Following administration, it is rapidly absorbed with a mean absolute bioavailability of about 50—60%. Peak plasma concentrations occur in 1 hour; higher peak plasma concentrations occur in young women (9 ng/mL) as compared to young men (5 ng/mL). Administration with food decreases absorption by about 25% with a mean delay in time to peak concentration of 15 minutes.
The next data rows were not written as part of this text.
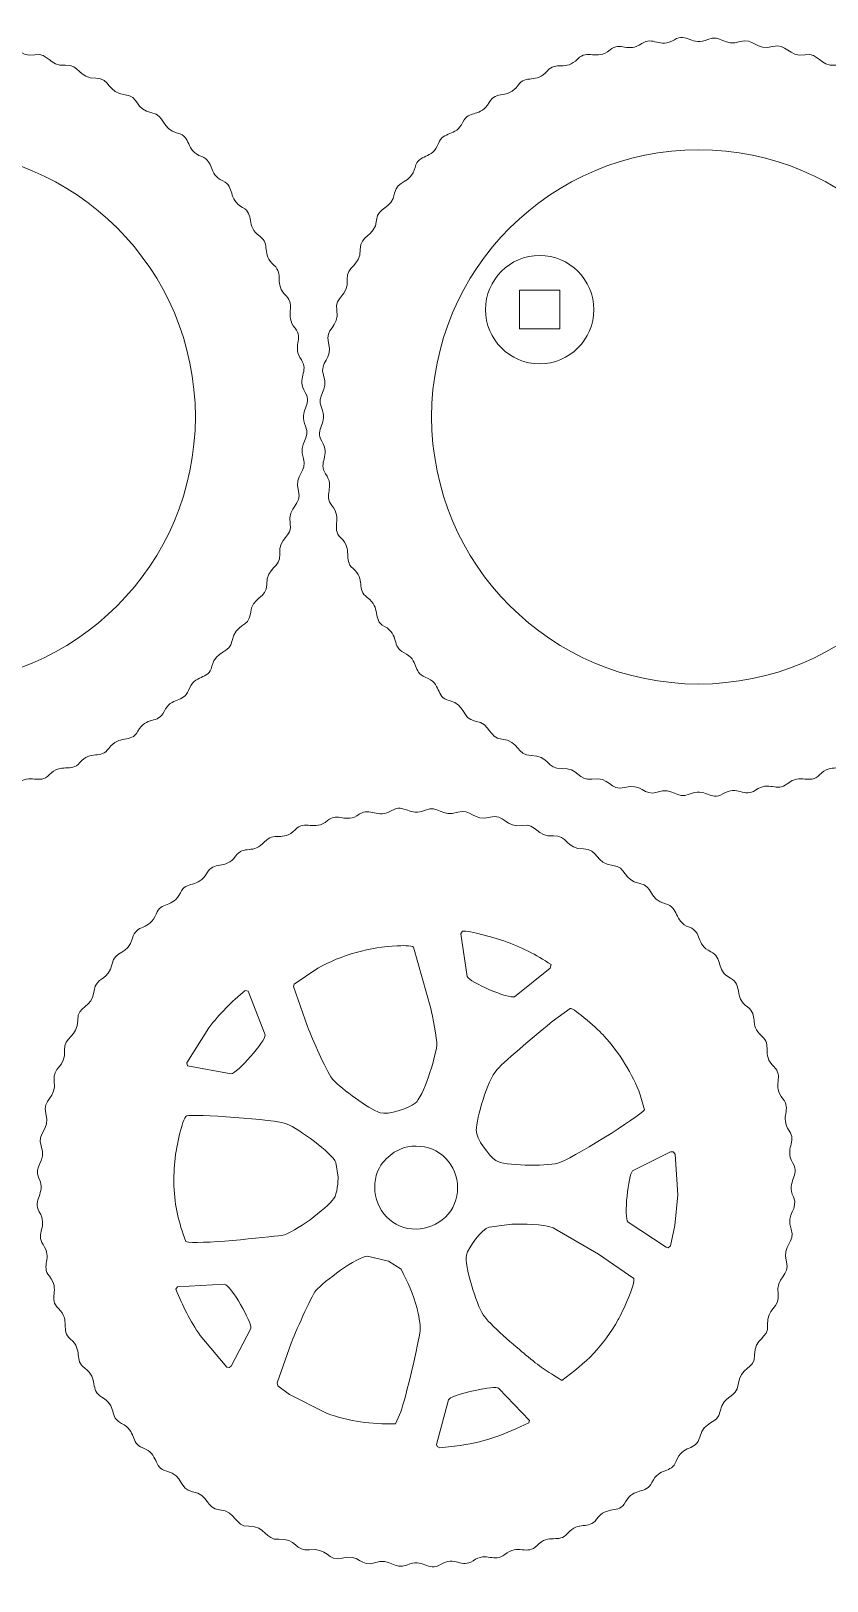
# Model space of a CAD drawing. Header units: centimetres. Extents: x -115 to 36, y 62 to 130.
# Drawn here: x -107.81 to -101.24, y 103.83 to 116.61 of the extents above; entities that cross this region are included whole.
import ezdxf

# ---------------------------------------------------------------- set-up
doc = ezdxf.new("R2010")
doc.units = ezdxf.units.CM
doc.header["$MEASUREMENT"] = 0
doc.layers.add('Camada 1', color=7, linetype='Continuous')

msp = doc.modelspace()

# ---------------------------------------------------------------- linework, layer by layer
at = {"layer": 'Camada 1', "lineweight": 9}
for points, knots in [([(-114.586, 128.83106), (-114.586, 129.51825), (-114.02377, 130.08052), (-113.33658, 130.08052), (-113.33658, 130.08052), (-113.33658, 130.08052), (-79.60186, 130.08052), (-79.60186, 130.08052), (-79.60186, 130.08052), (-78.91467, 130.08052), (-78.3524, 129.51825), (-78.3524, 128.83106), (-78.3524, 128.83106), (-78.3524, 128.83106), (-78.3524, 76.35485), (-78.3524, 76.35485), (-78.3524, 76.35485), (-78.3524, 75.66762), (-78.91467, 75.1054), (-79.60186, 75.1054), (-79.60186, 75.1054), (-79.60186, 75.1054), (-113.33658, 75.1054), (-113.33658, 75.1054), (-113.33658, 75.1054), (-114.02377, 75.1054), (-114.586, 75.66762), (-114.586, 76.35485), (-114.586, 76.35485), (-114.586, 76.35485), (-114.586, 128.83106), (-114.586, 128.83106)], [0, 0, 0, 0, 0.11111111, 0.11111111, 0.11111111, 0.11111111, 0.22222222, 0.22222222, 0.22222222, 0.22222222, 0.33333333, 0.33333333, 0.33333333, 0.33333333, 0.44444444, 0.44444444, 0.44444444, 0.44444444, 0.55555556, 0.55555556, 0.55555556, 0.55555556, 0.66666667, 0.66666667, 0.66666667, 0.66666667, 0.77777778, 0.77777778, 0.77777778, 0.77777778, 1, 1, 1, 1]), ([(-111.55192, 114.55641), (-111.56153, 114.67046), (-111.44121, 114.66235), (-111.44447, 114.80544), (-111.44447, 114.80544), (-111.44721, 114.92546), (-111.32231, 114.90186), (-111.30868, 115.04704), (-111.30868, 115.04704), (-111.29802, 115.16052), (-111.18498, 115.13024), (-111.16004, 115.26833), (-111.16004, 115.26833), (-111.13961, 115.38145), (-111.02568, 115.34133), (-110.99185, 115.48083), (-110.99185, 115.48083), (-110.96346, 115.5979), (-110.84876, 115.54236), (-110.79817, 115.67917), (-110.79817, 115.67917), (-110.75866, 115.78602), (-110.65705, 115.72771), (-110.5973, 115.85454), (-110.5973, 115.85454), (-110.54836, 115.95844), (-110.4485, 115.89039), (-110.37981, 116.01633), (-110.37981, 116.01633), (-110.32234, 116.12171), (-110.22589, 116.03904), (-110.1413, 116.15796), (-110.1413, 116.15796), (-110.07547, 116.25051), (-109.99256, 116.16853), (-109.90195, 116.27531), (-109.90195, 116.27531), (-109.82777, 116.36273), (-109.74891, 116.27133), (-109.65004, 116.37511), (-109.65004, 116.37511), (-109.56707, 116.4622), (-109.49547, 116.35692), (-109.38311, 116.45009), (-109.38311, 116.45009), (-109.29563, 116.52263), (-109.2367, 116.42188), (-109.12139, 116.50164), (-109.12139, 116.50164), (-109.02723, 116.56677), (-108.9745, 116.45835), (-108.85226, 116.53285), (-108.85226, 116.53285), (-108.74954, 116.59546), (-108.7075, 116.47513), (-108.57511, 116.53606), (-108.57511, 116.53606), (-108.47221, 116.58342), (-108.44031, 116.47102), (-108.30898, 116.51813), (-108.30898, 116.51813), (-108.2012, 116.55679), (-108.17806, 116.43844), (-108.04075, 116.47867), (-108.04075, 116.47867), (-107.92539, 116.51247), (-107.916, 116.38556), (-107.77226, 116.41008), (-107.77226, 116.41008), (-107.65993, 116.42925), (-107.65971, 116.31208), (-107.51996, 116.32381), (-107.51996, 116.32381), (-107.40585, 116.33339), (-107.41406, 116.21305), (-107.27101, 116.21636), (-107.27101, 116.21636), (-107.15101, 116.21914), (-107.17439, 116.0941), (-107.02937, 116.08057), (-107.02937, 116.08057), (-106.91592, 116.06999), (-106.94619, 115.95686), (-106.80808, 115.93197), (-106.80808, 115.93197), (-106.69508, 115.9116), (-106.73497, 115.79755), (-106.59554, 115.76374), (-106.59554, 115.76374), (-106.47844, 115.73534), (-106.53409, 115.62072), (-106.3972, 115.57006), (-106.3972, 115.57006), (-106.29034, 115.53051), (-106.34884, 115.42906), (-106.22183, 115.36919), (-106.22183, 115.36919), (-106.11797, 115.32024), (-106.18601, 115.2204), (-106.06008, 115.1517), (-106.06008, 115.1517), (-105.95463, 115.09417), (-106.03733, 114.99771), (-105.91841, 114.91319), (-105.91841, 114.91319), (-105.82597, 114.84749), (-105.90787, 114.76448), (-105.80106, 114.6738), (-105.80106, 114.6738), (-105.71358, 114.59953), (-105.80512, 114.52084), (-105.7013, 114.42193), (-105.7013, 114.42193), (-105.61424, 114.33899), (-105.71946, 114.26729), (-105.62632, 114.155), (-105.62632, 114.155), (-105.55374, 114.0675), (-105.65457, 114.00864), (-105.57477, 113.89328), (-105.57477, 113.89328), (-105.50961, 113.79909), (-105.61804, 113.74644), (-105.54357, 113.62416), (-105.54357, 113.62416), (-105.48096, 113.52135), (-105.60128, 113.4795), (-105.54031, 113.34695), (-105.54031, 113.34695), (-105.49301, 113.24411), (-105.60535, 113.21216), (-105.55828, 113.08083), (-105.55828, 113.08083), (-105.51964, 112.97304), (-105.63778, 112.95003), (-105.59765, 112.8126), (-105.59765, 112.8126), (-105.56396, 112.69724), (-105.69084, 112.68784), (-105.66633, 112.54415), (-105.66633, 112.54415), (-105.64716, 112.4318), (-105.76434, 112.43168), (-105.7526, 112.29181), (-105.7526, 112.29181), (-105.74302, 112.17772), (-105.86321, 112.18595), (-105.86001, 112.04286), (-105.86001, 112.04286), (-105.85733, 111.92275), (-105.98223, 111.9465), (-105.9958, 111.80131), (-105.9958, 111.80131), (-106.00642, 111.68774), (-106.11953, 111.71818), (-106.14444, 111.57997), (-106.14444, 111.57997), (-106.1648, 111.46699), (-106.27889, 111.50673), (-106.31267, 111.36743), (-106.31267, 111.36743), (-106.34104, 111.25044), (-106.45567, 111.30598), (-106.50635, 111.16914), (-106.50635, 111.16914), (-106.54598, 111.06214), (-106.64733, 111.12075), (-106.70718, 110.99376), (-106.70718, 110.99376), (-106.75618, 110.88979), (-106.85597, 110.95793), (-106.92471, 110.83197), (-106.92471, 110.83197), (-106.98222, 110.72659), (-107.0787, 110.80922), (-107.16322, 110.69034), (-107.16322, 110.69034), (-107.22904, 110.59777), (-107.31183, 110.67985), (-107.40261, 110.57295), (-107.40261, 110.57295), (-107.47683, 110.48555), (-107.55558, 110.57693), (-107.65448, 110.47319), (-107.65448, 110.47319), (-107.73751, 110.38609), (-107.80901, 110.49141), (-107.92141, 110.39821), (-107.92141, 110.39821), (-108.00886, 110.3257), (-108.06776, 110.42645), (-108.18313, 110.34667), (-108.18313, 110.34667), (-108.27731, 110.28154), (-108.3299, 110.38991), (-108.45226, 110.31546), (-108.45226, 110.31546), (-108.55504, 110.25292), (-108.59685, 110.37313), (-108.72942, 110.3122), (-108.72942, 110.3122), (-108.83227, 110.26493), (-108.86424, 110.37725), (-108.99554, 110.33017), (-108.99554, 110.33017), (-109.10334, 110.29152), (-109.12623, 110.4097), (-109.26377, 110.36954), (-109.26377, 110.36954), (-109.37912, 110.33586), (-109.38849, 110.46272), (-109.53222, 110.43822), (-109.53222, 110.43822), (-109.64457, 110.41907), (-109.64476, 110.53622), (-109.78456, 110.52449), (-109.78456, 110.52449), (-109.89866, 110.51491), (-109.89037, 110.63515), (-110.03355, 110.6319), (-110.03355, 110.6319), (-110.15353, 110.62918), (-110.13007, 110.75418), (-110.27511, 110.76773), (-110.27511, 110.76773), (-110.38855, 110.77833), (-110.35821, 110.89138), (-110.4964, 110.91633), (-110.4964, 110.91633), (-110.60947, 110.93674), (-110.56952, 111.05075), (-110.70894, 111.08456), (-110.70894, 111.08456), (-110.82602, 111.11295), (-110.7704, 111.2276), (-110.90728, 111.27824), (-110.90728, 111.27824), (-111.01424, 111.31781), (-110.95559, 111.41918), (-111.08265, 111.47907), (-111.08265, 111.47907), (-111.18653, 111.52804), (-111.11848, 111.62785), (-111.24444, 111.6966), (-111.24444, 111.6966), (-111.34985, 111.75413), (-111.2671, 111.85039), (-111.38607, 111.93507), (-111.38607, 111.93507), (-111.4786, 112.00093), (-111.3965, 112.08367), (-111.50346, 112.1745), (-111.50346, 112.1745), (-111.59085, 112.24871), (-111.49934, 112.32733), (-111.60322, 112.42637), (-111.60322, 112.42637), (-111.69029, 112.50938), (-111.58496, 112.58094), (-111.6782, 112.6933), (-111.6782, 112.6933), (-111.75075, 112.78073), (-111.6499, 112.83954), (-111.72975, 112.95502), (-111.72975, 112.95502), (-111.79485, 113.04917), (-111.68643, 113.10178), (-111.76096, 113.22415), (-111.76096, 113.22415), (-111.82355, 113.32691), (-111.70323, 113.36883), (-111.76417, 113.50126), (-111.76417, 113.50126), (-111.81157, 113.60426), (-111.69906, 113.63605), (-111.74624, 113.76743), (-111.74624, 113.76743), (-111.78491, 113.87513), (-111.66662, 113.89821), (-111.70683, 114.03571), (-111.70683, 114.03571), (-111.74055, 114.15099), (-111.61372, 114.16024), (-111.63819, 114.30416), (-111.63819, 114.30416), (-111.65729, 114.41653), (-111.54023, 114.41657), (-111.55192, 114.55641)], [0, 0, 0, 0, 0.01369863, 0.01369863, 0.01369863, 0.01369863, 0.02739726, 0.02739726, 0.02739726, 0.02739726, 0.04109589, 0.04109589, 0.04109589, 0.04109589, 0.05479452, 0.05479452, 0.05479452, 0.05479452, 0.06849315, 0.06849315, 0.06849315, 0.06849315, 0.08219178, 0.08219178, 0.08219178, 0.08219178, 0.09589041, 0.09589041, 0.09589041, 0.09589041, 0.10958904, 0.10958904, 0.10958904, 0.10958904, 0.12328767, 0.12328767, 0.12328767, 0.12328767, 0.1369863, 0.1369863, 0.1369863, 0.1369863, 0.15068493, 0.15068493, 0.15068493, 0.15068493, 0.16438356, 0.16438356, 0.16438356, 0.16438356, 0.17808219, 0.17808219, 0.17808219, 0.17808219, 0.19178082, 0.19178082, 0.19178082, 0.19178082, 0.20547945, 0.20547945, 0.20547945, 0.20547945, 0.21917808, 0.21917808, 0.21917808, 0.21917808, 0.23287671, 0.23287671, 0.23287671, 0.23287671, 0.24657534, 0.24657534, 0.24657534, 0.24657534, 0.26027397, 0.26027397, 0.26027397, 0.26027397, 0.2739726, 0.2739726, 0.2739726, 0.2739726, 0.28767123, 0.28767123, 0.28767123, 0.28767123, 0.30136986, 0.30136986, 0.30136986, 0.30136986, 0.31506849, 0.31506849, 0.31506849, 0.31506849, 0.32876712, 0.32876712, 0.32876712, 0.32876712, 0.34246575, 0.34246575, 0.34246575, 0.34246575, 0.35616438, 0.35616438, 0.35616438, 0.35616438, 0.36986301, 0.36986301, 0.36986301, 0.36986301, 0.38356164, 0.38356164, 0.38356164, 0.38356164, 0.39726027, 0.39726027, 0.39726027, 0.39726027, 0.4109589, 0.4109589, 0.4109589, 0.4109589, 0.42465753, 0.42465753, 0.42465753, 0.42465753, 0.43835616, 0.43835616, 0.43835616, 0.43835616, 0.45205479, 0.45205479, 0.45205479, 0.45205479, 0.46575342, 0.46575342, 0.46575342, 0.46575342, 0.47945205, 0.47945205, 0.47945205, 0.47945205, 0.49315068, 0.49315068, 0.49315068, 0.49315068, 0.50684932, 0.50684932, 0.50684932, 0.50684932, 0.52054795, 0.52054795, 0.52054795, 0.52054795, 0.53424658, 0.53424658, 0.53424658, 0.53424658, 0.54794521, 0.54794521, 0.54794521, 0.54794521, 0.56164384, 0.56164384, 0.56164384, 0.56164384, 0.57534247, 0.57534247, 0.57534247, 0.57534247, 0.5890411, 0.5890411, 0.5890411, 0.5890411, 0.60273973, 0.60273973, 0.60273973, 0.60273973, 0.61643836, 0.61643836, 0.61643836, 0.61643836, 0.63013699, 0.63013699, 0.63013699, 0.63013699, 0.64383562, 0.64383562, 0.64383562, 0.64383562, 0.65753425, 0.65753425, 0.65753425, 0.65753425, 0.67123288, 0.67123288, 0.67123288, 0.67123288, 0.68493151, 0.68493151, 0.68493151, 0.68493151, 0.69863014, 0.69863014, 0.69863014, 0.69863014, 0.71232877, 0.71232877, 0.71232877, 0.71232877, 0.7260274, 0.7260274, 0.7260274, 0.7260274, 0.73972603, 0.73972603, 0.73972603, 0.73972603, 0.75342466, 0.75342466, 0.75342466, 0.75342466, 0.76712329, 0.76712329, 0.76712329, 0.76712329, 0.78082192, 0.78082192, 0.78082192, 0.78082192, 0.79452055, 0.79452055, 0.79452055, 0.79452055, 0.80821918, 0.80821918, 0.80821918, 0.80821918, 0.82191781, 0.82191781, 0.82191781, 0.82191781, 0.83561644, 0.83561644, 0.83561644, 0.83561644, 0.84931507, 0.84931507, 0.84931507, 0.84931507, 0.8630137, 0.8630137, 0.8630137, 0.8630137, 0.87671233, 0.87671233, 0.87671233, 0.87671233, 0.89041096, 0.89041096, 0.89041096, 0.89041096, 0.90410959, 0.90410959, 0.90410959, 0.90410959, 0.91780822, 0.91780822, 0.91780822, 0.91780822, 0.93150685, 0.93150685, 0.93150685, 0.93150685, 0.94520548, 0.94520548, 0.94520548, 0.94520548, 0.95890411, 0.95890411, 0.95890411, 0.95890411, 0.97260274, 0.97260274, 0.97260274, 0.97260274, 1, 1, 1, 1]), ([(-105.19726, 114.55641), (-105.20687, 114.67046), (-105.08655, 114.66235), (-105.08981, 114.80544), (-105.08981, 114.80544), (-105.09255, 114.92546), (-104.96765, 114.90186), (-104.95402, 115.04704), (-104.95402, 115.04704), (-104.94336, 115.16052), (-104.83032, 115.13024), (-104.80538, 115.26833), (-104.80538, 115.26833), (-104.78495, 115.38145), (-104.67102, 115.34133), (-104.63719, 115.48083), (-104.63719, 115.48083), (-104.6088, 115.5979), (-104.4941, 115.54236), (-104.44351, 115.67917), (-104.44351, 115.67917), (-104.404, 115.78602), (-104.30239, 115.72771), (-104.24264, 115.85454), (-104.24264, 115.85454), (-104.1937, 115.95844), (-104.09384, 115.89039), (-104.02515, 116.01633), (-104.02515, 116.01633), (-103.96768, 116.12171), (-103.87123, 116.03904), (-103.78664, 116.15796), (-103.78664, 116.15796), (-103.72081, 116.25051), (-103.6379, 116.16853), (-103.54729, 116.27531), (-103.54729, 116.27531), (-103.47311, 116.36273), (-103.39425, 116.27133), (-103.29538, 116.37511), (-103.29538, 116.37511), (-103.21241, 116.4622), (-103.14081, 116.35692), (-103.02845, 116.45009), (-103.02845, 116.45009), (-102.94097, 116.52263), (-102.88204, 116.42188), (-102.76673, 116.50164), (-102.76673, 116.50164), (-102.67257, 116.56677), (-102.61984, 116.45835), (-102.4976, 116.53285), (-102.4976, 116.53285), (-102.39488, 116.59546), (-102.35284, 116.47513), (-102.22045, 116.53606), (-102.22045, 116.53606), (-102.11755, 116.58342), (-102.08565, 116.47102), (-101.95432, 116.51813), (-101.95432, 116.51813), (-101.84654, 116.55679), (-101.8234, 116.43844), (-101.68609, 116.47867), (-101.68609, 116.47867), (-101.57073, 116.51247), (-101.56134, 116.38556), (-101.4176, 116.41008), (-101.4176, 116.41008), (-101.30527, 116.42925), (-101.30505, 116.31208), (-101.1653, 116.32381), (-101.1653, 116.32381), (-101.05119, 116.33339), (-101.0594, 116.21305), (-100.91635, 116.21636), (-100.91635, 116.21636), (-100.79635, 116.21914), (-100.81973, 116.0941), (-100.67471, 116.08057), (-100.67471, 116.08057), (-100.56126, 116.06999), (-100.59153, 115.95686), (-100.45342, 115.93197), (-100.45342, 115.93197), (-100.34042, 115.9116), (-100.38031, 115.79755), (-100.24088, 115.76374), (-100.24088, 115.76374), (-100.12378, 115.73534), (-100.17943, 115.62072), (-100.04254, 115.57006), (-100.04254, 115.57006), (-99.93568, 115.53051), (-99.99418, 115.42906), (-99.86717, 115.36919), (-99.86717, 115.36919), (-99.76331, 115.32024), (-99.83135, 115.2204), (-99.70542, 115.1517), (-99.70542, 115.1517), (-99.59997, 115.09417), (-99.68267, 114.99771), (-99.56375, 114.91319), (-99.56375, 114.91319), (-99.47131, 114.84749), (-99.55321, 114.76448), (-99.4464, 114.6738), (-99.4464, 114.6738), (-99.35892, 114.59953), (-99.45046, 114.52084), (-99.34664, 114.42193), (-99.34664, 114.42193), (-99.25958, 114.33899), (-99.3648, 114.26729), (-99.27166, 114.155), (-99.27166, 114.155), (-99.19908, 114.0675), (-99.29991, 114.00864), (-99.22011, 113.89328), (-99.22011, 113.89328), (-99.15495, 113.79909), (-99.26338, 113.74644), (-99.18891, 113.62416), (-99.18891, 113.62416), (-99.1263, 113.52135), (-99.24662, 113.4795), (-99.18565, 113.34695), (-99.18565, 113.34695), (-99.13835, 113.24411), (-99.25069, 113.21216), (-99.20362, 113.08083), (-99.20362, 113.08083), (-99.16498, 112.97304), (-99.28312, 112.95003), (-99.24299, 112.8126), (-99.24299, 112.8126), (-99.2093, 112.69724), (-99.33618, 112.68784), (-99.31167, 112.54415), (-99.31167, 112.54415), (-99.2925, 112.4318), (-99.40968, 112.43168), (-99.39794, 112.29181), (-99.39794, 112.29181), (-99.38836, 112.17772), (-99.50855, 112.18595), (-99.50535, 112.04286), (-99.50535, 112.04286), (-99.50267, 111.92275), (-99.62757, 111.9465), (-99.64114, 111.80131), (-99.64114, 111.80131), (-99.65176, 111.68774), (-99.76487, 111.71818), (-99.78978, 111.57997), (-99.78978, 111.57997), (-99.81014, 111.46699), (-99.92423, 111.50673), (-99.95801, 111.36743), (-99.95801, 111.36743), (-99.98638, 111.25044), (-100.10101, 111.30598), (-100.15169, 111.16914), (-100.15169, 111.16914), (-100.19132, 111.06214), (-100.29267, 111.12075), (-100.35252, 110.99376), (-100.35252, 110.99376), (-100.40152, 110.88979), (-100.50131, 110.95793), (-100.57005, 110.83197), (-100.57005, 110.83197), (-100.62756, 110.72659), (-100.72404, 110.80922), (-100.80856, 110.69034), (-100.80856, 110.69034), (-100.87438, 110.59777), (-100.95717, 110.67985), (-101.04795, 110.57295), (-101.04795, 110.57295), (-101.12217, 110.48555), (-101.20092, 110.57693), (-101.29982, 110.47319), (-101.29982, 110.47319), (-101.38285, 110.38609), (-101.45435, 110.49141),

Alosetron is distributed throughout the body and plasma protein binding is 82% over a concentration range of 20 to 4000 ng/mL.
An N-desmethyl metabolite was found in the plasma of all Japanese men studied and accounted for up to 30% of the dose in one subject when alosetron was administered with food.
Pregnancy And Lactation
The available data with alosetron use in human pregnancy are insufficient to draw conclusions about any drug-associated risks for major birth defects, miscarriage, or adverse maternal or fetal outcomes. In animal reproduction studies, no adverse developmental effects were observed with oral administration of alosetron during the period of organogenesis to pregnant rats at doses up to 40 mg/kg/day (about 160 times the recommended human dose based on body surface area) or to pregnant rabbits at doses up to 30 mg/kg/day (about 240 times the recommended daily human dose based on body surface area).[28382]
There are no data regarding the presence of alosetron in human milk, the effects on the breastfed infant, or the effects on milk production. Alosetron should be used cautiously in lactating women; in general, use is recommended to be avoided during breast-feeding, given the risk of serious complications that may be possible in the infant from drug exposure (e.g., ischemic colitis). Alosetron and/or metabolites of alosetron are present in the breast milk of lactating rats. When a drug is present in animal milk, it is likely that the drug will be present in human milk. Monitor infants exposed to alosetron through breast milk for severe constipation and blood in stools.[28382] Consider the benefits of breast-feeding, the risk of potential infant drug exposure, and the risk of an untreated or inadequately treated condition in the mother. If a breast-feeding infant experiences an adverse effect related to a maternally ingested drug, healthcare providers are encouraged to report the adverse effect to the FDA.